Can anyone provide information on this Schwinn? The Schwinn serial number identification tool asked if the serial number was on the rear drop out OR under the pedal crank.  The serial number on this bike is on the head tube. Any idea of value? The rims look like they may be semi valuable? This bike was used to go down steep caves in Hawaii. according to the current owner its at least 40 years old.  Thank you


----------



## Freqman1 (Oct 28, 2020)

Out of my wheelhouse but looks like a Greenville, MS bike built Aug of '84. I'm not seeing much value but I'm sure some late model Schwinn experts will chime in. V/r Shawn


----------



## 75 Bronco (Oct 28, 2020)

Thank you for the info. i agree probably 84‘ however the wheels/hubs are not stock. Wondering what the history on those are and value


----------



## GTs58 (Oct 29, 2020)

That's a 1984 Schwinn built by Murray using parts Schwinn supplied like the head tube and rear drop outs. The actual build date should be stamped in the head badge next to the letter I.


----------



## GTs58 (Oct 29, 2020)

That's a 1984 Schwinn built by Murray using parts Schwinn supplied like the head tube and rear drop outs. The actual build date should be stamped in the head badge next to the letter I.

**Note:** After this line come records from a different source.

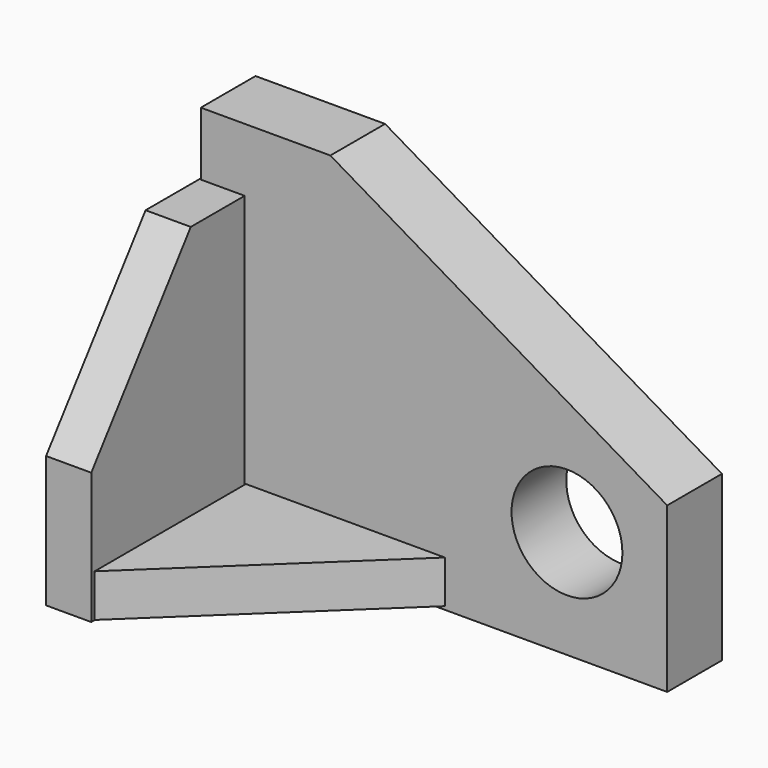
from build123d import *

# Parameters (mm, degrees)
F0_R        = 13.5872580749
F1_DEPTH    = 16.764
F2_W        = 11.076066643
F2_H        = 72.8688556701
F3_DEPTH    = 63.754
F4_SIZE2    = 40.64
F4_SIZE     = 30.48
F5_W        = 49.8422943056
F5_H        = 10.4931145906
F6_DEPTH    = 64.008
F7_T4_DEPTH = 271.9527686037


# Not quite as in the source:
# - a fillet or chamfer that OpenCascade refuses, or shapes differently, is made with other operations: its cross-section is extruded or revolved along the edge and cut away or added


with BuildPart() as f1:
    # F0 (on Front) → F1 (new body)
    with BuildSketch(Plane.XZ):
        Polygon((-29.1315091585, 37.5352683077), (-60.8815091585, 37.5352683077), (-60.8815091585, -51.3647316923), (53.4184908415, -51.3647316923), (53.4184908415, -11.1139282757), align=None)
        with Locations((28.8560632616, -24.9211471528)):
            Circle(F0_R, mode=Mode.SUBTRACT)
    extrude(amount=F1_DEPTH)

    # F2 (on Front) → F3 (join)
    with BuildSketch(Plane.XZ):
        with Locations((-55.6718055159, -14.4280334935)):
            Rectangle(F2_W, F2_H)
    extrude(amount=F3_DEPTH)

    # F4
    f4_edges = [f1.edges().sort_by_distance(p)[0] for p in [
        (-55.671806, -63.754, 22.006394),
    ]]
    f4_side = f1.faces().sort_by_distance((-55.728042, -39.925416, 22.006394))[0]
    chamfer(f4_edges, length=F4_SIZE, length2=F4_SIZE2, reference=f4_side)

    # F5 (on Front) → F6 (join)
    with BuildSketch(Plane.XZ):
        with Locations((-24.9211471528, -45.3244261444)):
            Rectangle(F5_W, F5_H)
    extrude(amount=F6_DEPTH)

    # F7: chamfer of 48.26 x 50.8 on 1 edges, made by hand


with BuildPart() as f7_tool2:
    # F7_s3 → F7_t4 (new body)
    with BuildSketch(Plane.XY.offset(-181.3008104462)):
        Polygon((0, -15.748), (-50.8, -64.008), (0, -64.008), align=None)
    extrude(amount=F7_T4_DEPTH)

    split(bisect_by=Plane.XZ.offset(16.764), keep=Keep.TOP)

    split(bisect_by=Plane.YZ.offset(-49.8422943056), keep=Keep.TOP)


with BuildPart() as f1_1:
    add(f1.part)

    # F7_t1: cut F7_tool2
    add(f7_tool2.part, mode=Mode.SUBTRACT)


solid = f1_1.part

Thanks for the double post John Candy!!!!!!!!!!


----------



## Xlobsterman (Oct 29, 2020)

75 Bronco said:


> Can anyone provide information on this Schwinn? The Schwinn serial number identification tool asked if the serial number was on the rear drop out OR under the pedal crank.  The serial number on this bike is on the head tube. Any idea of value? The rims look like they may be semi valuable? This bike was used to go down steep caves in Hawaii. according to the current owner its at least 40 years old.  Thank you




What are the 4 numbers stamped into the head badge?


----------



## birdzgarage (Oct 29, 2020)

The wheels and other parts are nice stuff.atom drum hubs laced to araya 7x rims.nice bars.more pics of the parts would help id the other stuff.appears to be nice era correct parts.neat bike with a kool story.sweet mid eightys klunker build.


----------



## Oilit (Oct 29, 2020)

Can we get a better picture of the serial number? I see H400124 but these usually started with two letters, unless there was a change in 84. The decals look like those on the Murray built Schwinns and the wheels aren't stock, but the drum brakes are a nice touch. Are the rims anodized aluminum or painted steel? And a picture of the bottom bracket area would confirm if it's Murray built. That bike will clean up and be a looker!


----------



## Robert Troub (Oct 29, 2020)

75 Bronco said:


> Thank you for the info. i agree probably 84‘ however the wheels/hubs are not stock. Wondering what the history on those are and value



more value in the frame.....


----------



## Simple. (Nov 1, 2020)

That’s a nice setup with the wheels, forks, and bars.  I wish I could buy a setup like that for one of my frames!


----------